2. The display panel of claim 1, wherein nano-metal particles are distributed between the nano-metal wires stacked in a net shape.

3. The display panel according to claim 1 or 2, wherein the display panel further comprises: a quantum dot conversion element; the quantum dot conversion piece is arranged between the adjacent shading pieces and is positioned above the light emitting diode.

4. The display panel of claim 3, further comprising: a light filter; the optical filter is arranged between the adjacent pressure sensing pieces and is positioned above the quantum dot conversion pieces.

5. A display panel manufacturing method for manufacturing the display panel according to any one of claims 1 to 4, comprising:

preparing a light emitting diode on the surface of a back plate;

coating a shading material on the surface of the backboard, and carrying out exposure and development treatment on the shading material to obtain a shading piece; the light shielding pieces and the light emitting diodes are distributed on the surface of the backboard at intervals;

preparing a pressure sensing member on the light shielding member;

and packaging the packaging plate and the backboard so as to form a sealing cavity between the packaging plate and the backboard, wherein the light shielding piece, the light emitting diode and the pressure sensing piece are positioned in the sealing cavity.

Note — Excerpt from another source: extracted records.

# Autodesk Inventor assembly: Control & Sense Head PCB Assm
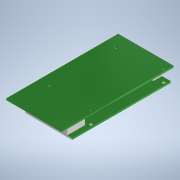
[picture p0: Inventor's stored thumbnail of the model, 180x180]
Saved by Autodesk Inventor 2021 (Build 250183000, 183)
## iProperties
Created: 2019-11-04
Part Number: Control & Sense Head PCB Assm
Document SubType Name: Assembly
Designer: jgray
Author: jgray
## Documents named in this file (3)
- M:\Printed Electronics\Gas Sensors\Prototypes\Prototype II -Cartridge Reader V3\Control & Sense Head PCB Assm.iam
- M:\Printed Electronics\Gas Sensors\Prototypes\Prototype II -Cartridge Reader V3\EVAL_ADICUP360.ipt
- M:\Printed Electronics\Gas Sensors\Prototypes\Prototype II -Cartridge Reader V3\PCB Control Board ADICUP1.ipt
## Components (2 placed, 2 different names)
1. EVAL_ADICUP360:1 — Mate:3, Mate:4, Mate:5
2. PCB Control Board ADICUP1:1 — Mate:3, Mate:4, Mate:5
## Relationships (3: Mate 3)
- Mate:3 (12 mm): EVAL_ADICUP360:1 ↔ PCB Control Board ADICUP1:1
- Mate:4: EVAL_ADICUP360:1 ↔ PCB Control Board ADICUP1:1
- Mate:5: EVAL_ADICUP360:1 ↔ PCB Control Board ADICUP1:1
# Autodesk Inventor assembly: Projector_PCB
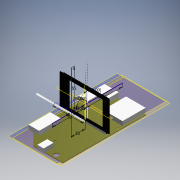
[picture p0: Inventor's stored thumbnail of the model, 180x180]
Saved by Autodesk Inventor 2016 (Build 200138000, 138)
## iProperties
Created: 2016-11-13
Part Number: Projector_PCB
Material: Generisch
Document SubType Name: Assembly
Designer: Bene
Author: Bene
## Documents named in this file (5)
- C:\Users\Bene\Dropbox\Dokumente\OpticalDesign\Beamerscope\Inventor\Beamerscope_r4\Projector_PCB.iam
- C:\Users\Bene\Dropbox\Dokumente\OpticalDesign\Beamerscope\Inventor\Beamerscope_r4\01_PCBoard.ipt
- C:\Users\Bene\Dropbox\Dokumente\OpticalDesign\Beamerscope\Inventor\Beamerscope_r4\02_Anschluss.ipt
- C:\Users\Bene\Dropbox\Dokumente\OpticalDesign\Beamerscope\Inventor\Beamerscope_r4\03_LCD_Frame.ipt
- C:\Users\Bene\Dropbox\Dokumente\OpticalDesign\Beamerscope\Inventor\Beamerscope_r4\04_Mirror.ipt
## Components (4 placed, 4 different names)
1. 01_PCBoard:1
2. 02_Anschluss:1
3. 03_LCD_Frame:1
4. 04_Mirror:1
## Relationships (6: Flush 6)
- [Flush]: 01_PCBoard:1 ↔ 02_Anschluss:1
- [Flush]: 01_PCBoard:1 ↔ 02_Anschluss:1
- [Flush] (4 mm): 01_PCBoard:1 ↔ 03_LCD_Frame:1
- [Flush] (-2 mm): 01_PCBoard:1 ↔ 03_LCD_Frame:1
- [Flush] (63 mm): 01_PCBoard:1 ↔ 03_LCD_Frame:1
- [Flush]: 01_PCBoard:1 ↔ 02_Anschluss:1
## Named parameters: d0_d3 = -2 mm, d1_d4 = 63 mm, d2_d5 = 0 mm
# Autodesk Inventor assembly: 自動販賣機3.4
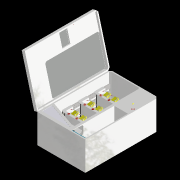
[picture p0: Inventor's stored thumbnail of the model, 180x180]
Saved by Autodesk Inventor 2020 (Build 240168000, 168)
## iProperties
Created: 2021-04-08
Part Number: 自動販賣機3.4
Document SubType Name: Assembly
Designer: 88690
Author: 88690
## Documents named in this file (33)
- C:\Users\88690\Desktop\自動販賣機\自動販賣機3.4.iam
- C:\Users\88690\Desktop\自動販賣機\上滑軌.ipt
- C:\Users\88690\Desktop\自動販賣機\上滑軌輪.ipt
- C:\Users\88690\Desktop\自動販賣機\下滑軌.ipt
- C:\Users\88690\Desktop\自動販賣機\下滑軌輪.ipt
- C:\Users\88690\Desktop\自動販賣機\本體.ipt
- C:\Users\88690\Desktop\自動販賣機\置物架.ipt
- C:\Users\88690\Desktop\自動販賣機\滾筒.ipt
- C:\Users\88690\Desktop\自動販賣機\蓋.ipt
- C:\Users\88690\Desktop\自動販賣機\鎖點支架.ipt
- C:\Users\88690\Desktop\自動販賣機\下支架右.ipt
- C:\Users\88690\Desktop\自動販賣機\上滑軌右.ipt
- C:\Users\88690\Desktop\自動販賣機\蝸桿支架.ipt
- C:\Users\88690\Desktop\自動販賣機\蝸桿滑塊.ipt
- C:\Users\88690\Desktop\自動販賣機\短蝸桿.ipt
- C:\Users\88690\Desktop\自動販賣機\長蝸桿.ipt
- C:\Users\88690\Desktop\自動販賣機\位移平台.ipt
- C:\Users\88690\Desktop\自動販賣機\取物窗.ipt
- C:\Users\88690\Desktop\自動販賣機\螺旋鉤子.ipt
- C:\Users\88690\Desktop\自動販賣機\螺旋鉤子底座.ipt
- C:\Users\88690\Desktop\自動販賣機\名牌1.ipt
- C:\Users\88690\Desktop\自動販賣機\名牌2.ipt
- C:\Users\88690\Desktop\自動販賣機\模擬商品.ipt
- C:\Users\88690\Desktop\自動販賣機\模擬錢幣.ipt
- C:\Users\88690\Desktop\自動販賣機\商品支架.ipt
- C:\Users\88690\Desktop\自動販賣機\名牌3.ipt
- C:\Users\88690\Desktop\自動販賣機\名牌4.ipt
- C:\Users\88690\Desktop\自動販賣機\名牌5.ipt
- C:\Users\88690\Desktop\自動販賣機\名牌6.ipt
- C:\Users\88690\Desktop\自動販賣機\名牌7.ipt
- C:\Users\88690\Desktop\自動販賣機\名牌8.ipt
- C:\Users\88690\Desktop\自動販賣機\名牌9.ipt
- C:\Users\88690\Desktop\自動販賣機\玻璃窗.ipt
## Components (110 placed, 32 different names)
1. 上滑軌:1 — 貼合:41, 貼合:42, 貼合:45, 相切:7, 貼合:183
2. 上滑軌輪:1 — 貼合:41, 貼合:42, 相切:1
3. 下滑軌:1 — 貼合:11, 貼合:12, 貼合:13, 貼合:15, 相切:1, 角度:40
4. 下滑軌輪:1 — 貼合:11, 貼合:12, 相切:7
5. 本體:1 — 齊平:1, 齊平:2, 齊平:3, 貼合:1, 貼合:2, 貼合:3, 貼合:4, 貼合:6, 貼合:7, 貼合:8, 貼合:9, 貼合:75, 貼合:76, 貼合:77, 貼合:78, 貼合:79, 貼合:80, 貼合:81, 貼合:82, 貼合:83, 貼合:84, 貼合:85, 貼合:86, 貼合:88, 貼合:89, 貼合:101, 齊平:23, 角度:1, 旋轉:1, 貼合:167, 角度:34, 貼合:169, 貼合:171, 貼合:172, 齊平:53, 齊平:58, 齊平:69
6. 置物架:1 — 貼合:45, 貼合:50, 貼合:51, 貼合:131, 貼合:143, 貼合:144, 貼合:145, 旋轉:3, 齊平:53, 角度:40, 貼合:183, 角度:41, 貼合:187, 相切:13, 相切:15, 貼合:227, 貼合:228, 貼合:229, 相切:16, 貼合:298, 貼合:299, 相切:17, 相切:18, 相切:19, 貼合:300, 貼合:301, 相切:20, 相切:21, 相切:22, 齊平:66, 齊平:67, 齊平:68, 貼合:448
7. 滾筒:1 — 貼合:75, 貼合:76, 齊平:14, 齊平:15, 齊平:16, 齊平:17, 齊平:18, 齊平:19, 齊平:20, 齊平:21, 齊平:22, 角度:12, 旋轉:1, 旋轉:1
8. 蓋:1 — 貼合:101, 齊平:23, 角度:1, 角度:2, 貼合:108, 貼合:164, 角度:34, 角度:35, 齊平:78, 貼合:455, 貼合:456
9. 鎖點支架:1 — 貼合:1, 貼合:2, 貼合:3, 齊平:4, 齊平:5, 齊平:6, 齊平:7, 貼合:5, 貼合:15
10. 鎖點支架:2 — 齊平:5, 齊平:7, 貼合:5, 貼合:13, 貼合:51
11. 鎖點支架:3 — 齊平:4, 齊平:6, 貼合:4
12. 鎖點支架:4 — 齊平:8, 齊平:10, 貼合:9
13. 鎖點支架:5 — 貼合:6, 貼合:7, 貼合:8, 齊平:8, 齊平:9, 齊平:10, 齊平:11, 貼合:10, 貼合:30
14. 鎖點支架:6 — 齊平:9, 齊平:11, 貼合:10, 貼合:28
15. 下支架右:1 — 貼合:26, 貼合:27, 貼合:28, 貼合:30, 相切:2, 貼合:74, 角度:41
16. 下滑軌輪:4 — 貼合:26, 貼合:27, 相切:10
17. 上滑軌右:1 — 貼合:46, 貼合:50, 相切:10, 貼合:186, 貼合:187
18. 上滑軌輪:2 — 貼合:46, 相切:2, 貼合:74, 貼合:186
19. 滾筒:2 — 齊平:14, 貼合:77, 旋轉:1, 旋轉:2, 角度:13
20. 滾筒:3 — 齊平:15, 貼合:78, 旋轉:2, 角度:14, 旋轉:3
21. 滾筒:4 — 齊平:16, 貼合:79, 角度:15, 旋轉:3, 旋轉:4
22. 滾筒:5 — 齊平:17, 貼合:80, 角度:16, 旋轉:4, 旋轉:5
23. 滾筒:6 — 齊平:18, 貼合:81, 角度:18, 旋轉:5, 旋轉:6
24. 滾筒:7 — 齊平:19, 貼合:82, 角度:19, 旋轉:6, 旋轉:7
25. 滾筒:8 — 齊平:20, 貼合:83, 角度:22, 旋轉:7, 旋轉:8
26. 滾筒:9 — 齊平:21, 貼合:84, 角度:20, 旋轉:8, 旋轉:9
27. 滾筒:10 — 齊平:22, 貼合:85, 角度:21, 旋轉:9
28. 蝸桿支架:1 — 貼合:86, 貼合:88, 貼合:89, 貼合:90, 貼合:91, 貼合:92, 貼合:93
29. 蝸桿滑塊:1 — 貼合:90, 貼合:91, 貼合:94, 貼合:95, 貼合:97, 貼合:98, 貼合:99
30. 短蝸桿:1 — 貼合:94, 貼合:95, 旋轉/轉換:1
31. 長蝸桿:1 — 貼合:92, 貼合:93, 角度:23, 旋轉/轉換:1
32. 位移平台:1 — 貼合:97, 貼合:98, 貼合:99, 貼合:167
33. 取物窗:1 — 角度:2, 貼合:108, 貼合:164, 角度:35
34. 螺旋鉤子:2 — 貼合:131, 角度:45, 貼合:221, 貼合:223, 貼合:230, 貼合:231, 貼合:232, 貼合:233
35. 螺旋鉤子底座:2 — 旋轉:3, 角度:44
36. 名牌1:1 — 貼合:143, 貼合:144, 角度:24, 齊平:30, 角度:25
37. 名牌2:1 — 貼合:145, 齊平:30, 角度:25, 齊平:71, 齊平:72, 角度:52
38. 模擬錢幣:1 — 貼合:169, 貼合:171, 貼合:172
39. 模擬商品:2 — 貼合:221, 相切:13, 貼合:230
40. 商品支架:1 — 貼合:227, 貼合:228, 貼合:229
41. 模擬商品:22 — 貼合:223, 相切:15, 貼合:231
42. 模擬商品:23 — 相切:16, 貼合:232, 貼合:233
43. 螺旋鉤子:3
44. 螺旋鉤子底座:3 — 貼合:298, 貼合:299
45. 模擬商品:24 — 相切:17
46. 模擬商品:25 — 相切:18
47. 模擬商品:26 — 相切:19
48. 螺旋鉤子:4
49. 螺旋鉤子底座:4 — 貼合:300, 貼合:301
50. 模擬商品:27 — 相切:20
51. 模擬商品:28 — 相切:21
52. 模擬商品:29 — 相切:22
53. 上滑軌:2 — 齊平:57
54. 上滑軌輪:3 — 貼合:398
55. 下滑軌:2 — 齊平:60, 貼合:398
56. 下滑軌輪:5
57. 置物架:2 — 齊平:56, 齊平:58, 齊平:59, 齊平:60, 齊平:66, 齊平:67, 齊平:70, 貼合:449, 貼合:450, 貼合:451
58. 下支架右:2 — 齊平:59
59. 下滑軌輪:6
60. 上滑軌右:2 — 齊平:56, 齊平:57
61. 上滑軌輪:4
62. 螺旋鉤子:5
63. 螺旋鉤子底座:5
64. 模擬商品:30
65. 商品支架:2
66. 模擬商品:31
67. 模擬商品:32
68. 螺旋鉤子:6
69. 螺旋鉤子底座:6
70. 模擬商品:33
71. 模擬商品:34
72. 模擬商品:35
73. 螺旋鉤子:7
74. 螺旋鉤子底座:7
75. 模擬商品:36
76. 模擬商品:37
77. 模擬商品:38
78. 上滑軌:3
79. 上滑軌輪:5
80. 下滑軌:3
81. 下滑軌輪:7
82. 置物架:3 — 齊平:68, 齊平:69, 齊平:70, 貼合:452, 貼合:453, 貼合:454
83. 下支架右:3
84. 下滑軌輪:8
85. 上滑軌右:3
86. 上滑軌輪:6
87. 螺旋鉤子:8
88. 螺旋鉤子底座:8
89. 模擬商品:39
90. 商品支架:3
91. 模擬商品:40
92. 模擬商品:41
93. 螺旋鉤子:9
94. 螺旋鉤子底座:9
95. 模擬商品:42
96. 模擬商品:43
97. 模擬商品:44
98. 螺旋鉤子:10
99. 螺旋鉤子底座:10
100. 模擬商品:45
101. 模擬商品:46
102. 模擬商品:47
103. 名牌3:1 — 貼合:448, 齊平:71, 角度:52, 角度:53
104. 名牌4:1 — 貼合:449, 齊平:72, 齊平:73, 角度:53, 角度:54
105. 名牌5:1 — 貼合:450, 齊平:73, 齊平:74, 角度:54, 角度:55
106. 名牌6:1 — 貼合:451, 齊平:74, 齊平:75, 角度:55, 角度:56
107. 名牌7:1 — 貼合:452, 齊平:77, 角度:56, 角度:57
108. 名牌8:1 — 貼合:453, 齊平:76, 齊平:77, 角度:57, 角度:58
109. 名牌9:1 — 貼合:454, 齊平:75, 齊平:76, 角度:58
110. 玻璃窗:1 — 齊平:78, 貼合:455, 貼合:456
## Relationships (324: Mate 194, Flush 45, Tangent 39, Angle 32, RelateRotation 9, RevoluteJoint 4, RelateRotateTranslate 1)
- 齊平:1 [Flush]: 本體:1
- 齊平:2 [Flush]: 本體:1
- 齊平:3 [Flush]: 本體:1
- 貼合:1 [Mate] (180 mm): 本體:1 ↔ 鎖點支架:1
- 貼合:2 [Mate]: 本體:1 ↔ 鎖點支架:1
- 貼合:3 [Mate]: 本體:1 ↔ 鎖點支架:1
- 齊平:4 [Flush]: 鎖點支架:1 ↔ 鎖點支架:3
- 齊平:5 [Flush]: 鎖點支架:1 ↔ 鎖點支架:2
- 齊平:6 [Flush]: 鎖點支架:1 ↔ 鎖點支架:3
- 齊平:7 [Flush]: 鎖點支架:1 ↔ 鎖點支架:2
- 貼合:4 [Mate]: 本體:1 ↔ 鎖點支架:3
- 貼合:5 [Mate] (55 mm): 鎖點支架:1 ↔ 鎖點支架:2
- 貼合:6 [Mate]: 本體:1 ↔ 鎖點支架:5
- 貼合:7 [Mate]: 本體:1 ↔ 鎖點支架:5
- 貼合:8 [Mate] (180 mm): 本體:1 ↔ 鎖點支架:5
- 齊平:8 [Flush]: 鎖點支架:4 ↔ 鎖點支架:5
- 齊平:9 [Flush]: 鎖點支架:5 ↔ 鎖點支架:6
- 齊平:10 [Flush]: 鎖點支架:4 ↔ 鎖點支架:5
- 齊平:11 [Flush]: 鎖點支架:5 ↔ 鎖點支架:6
- 貼合:9 [Mate]: 本體:1 ↔ 鎖點支架:4
- 貼合:10 [Mate] (55 mm): 鎖點支架:5 ↔ 鎖點支架:6
- 貼合:11 [Mate]: 下滑軌:1 ↔ 下滑軌輪:1
- 貼合:12 [Mate]: 下滑軌:1 ↔ 下滑軌輪:1
- 貼合:13 [Mate]: 下滑軌:1 ↔ 鎖點支架:2
- 貼合:15 [Mate]: 下滑軌:1 ↔ 鎖點支架:1
- 貼合:26 [Mate]: 下支架右:1 ↔ 下滑軌輪:4
- 貼合:27 [Mate]: 下支架右:1 ↔ 下滑軌輪:4
- 貼合:28 [Mate]: 鎖點支架:6 ↔ 下支架右:1
- 貼合:30 [Mate]: 鎖點支架:5 ↔ 下支架右:1
- 貼合:41 [Mate]: 上滑軌:1 ↔ 上滑軌輪:1
- 貼合:42 [Mate]: 上滑軌:1 ↔ 上滑軌輪:1
- 貼合:45 [Mate]: 上滑軌:1 ↔ 置物架:1
- 貼合:46 [Mate]: 上滑軌右:1 ↔ 上滑軌輪:2
- 貼合:50 [Mate]: 置物架:1 ↔ 上滑軌右:1
- 相切:1 [Tangent]: 上滑軌輪:1 ↔ 下滑軌:1
- 相切:2 [Tangent]: 下支架右:1 ↔ 上滑軌輪:2
- 貼合:51 [Mate]: 置物架:1 ↔ 鎖點支架:2
- 貼合:74 [Mate]: 下支架右:1 ↔ 上滑軌輪:2
- 貼合:75 [Mate]: 本體:1 ↔ 滾筒:1
- 貼合:76 [Mate]: 本體:1 ↔ 滾筒:1
- 齊平:14 [Flush]: 滾筒:1 ↔ 滾筒:2
- 齊平:15 [Flush]: 滾筒:1 ↔ 滾筒:3
- 齊平:16 [Flush]: 滾筒:1 ↔ 滾筒:4
- 齊平:17 [Flush]: 滾筒:1 ↔ 滾筒:5
- 齊平:18 [Flush]: 滾筒:1 ↔ 滾筒:6
- 齊平:19 [Flush]: 滾筒:1 ↔ 滾筒:7
- 齊平:20 [Flush]: 滾筒:1 ↔ 滾筒:8
- 齊平:21 [Flush]: 滾筒:1 ↔ 滾筒:9
- 齊平:22 [Flush]: 滾筒:1 ↔ 滾筒:10
- 貼合:77 [Mate]: 本體:1 ↔ 滾筒:2
- 貼合:78 [Mate]: 本體:1 ↔ 滾筒:3
- 貼合:79 [Mate]: 本體:1 ↔ 滾筒:4
- 貼合:80 [Mate]: 本體:1 ↔ 滾筒:5
- 貼合:81 [Mate]: 本體:1 ↔ 滾筒:6
- 貼合:82 [Mate]: 本體:1 ↔ 滾筒:7
- 貼合:83 [Mate]: 本體:1 ↔ 滾筒:8
- 貼合:84 [Mate]: 本體:1 ↔ 滾筒:9
- 貼合:85 [Mate]: 本體:1 ↔ 滾筒:10
- 貼合:86 [Mate]: 本體:1 ↔ 蝸桿支架:1
- 貼合:88 [Mate]: 本體:1 ↔ 蝸桿支架:1
- 貼合:89 [Mate]: 本體:1 ↔ 蝸桿支架:1
- 貼合:90 [Mate]: 蝸桿支架:1 ↔ 蝸桿滑塊:1
- 貼合:91 [Mate]: 蝸桿支架:1 ↔ 蝸桿滑塊:1
- 貼合:92 [Mate]: 蝸桿支架:1 ↔ 長蝸桿:1
- 貼合:93 [Mate]: 蝸桿支架:1 ↔ 長蝸桿:1
- 貼合:94 [Mate]: 蝸桿滑塊:1 ↔ 短蝸桿:1
- 貼合:95 [Mate]: 蝸桿滑塊:1 ↔ 短蝸桿:1
- 貼合:97 [Mate]: 蝸桿滑塊:1 ↔ 位移平台:1
- 貼合:98 [Mate]: 蝸桿滑塊:1 ↔ 位移平台:1
- 貼合:99 [Mate]: 蝸桿滑塊:1 ↔ 位移平台:1
- 貼合:101 [Mate]: 本體:1 ↔ 蓋:1
- 齊平:23 [Flush]: 本體:1 ↔ 蓋:1
- 角度:1 [Angle] (45 deg): 本體:1 ↔ 蓋:1
- 角度:2 [Angle] (180 deg): 蓋:1 ↔ 取物窗:1
- 貼合:108 [Mate]: 蓋:1 ↔ 取物窗:1
- [Mate]: 螺旋鉤子:2 ↔ 螺旋鉤子底座:2
- [Mate]: 螺旋鉤子:2 ↔ 螺旋鉤子底座:2
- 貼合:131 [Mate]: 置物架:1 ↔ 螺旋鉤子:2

6. A display panel manufacturing method for manufacturing the display panel according to any one of claims 1 to 4, comprising:

preparing a light emitting diode on the surface of a back plate;

preparing a pressure sensing element on the surface of the packaging plate;

coating a light shielding material on the surface of the packaging plate, and performing exposure and development treatment on the light shielding material to obtain a light shielding piece; the shading piece is arranged above the pressure sensing piece;

packaging the packaging plate provided with the pressure sensing piece and the shading piece and the backboard provided with the light emitting diode so as to form a sealing cavity between the packaging plate and the backboard; the shading piece, the light emitting diode and the pressure sensing piece are positioned in the sealing cavity.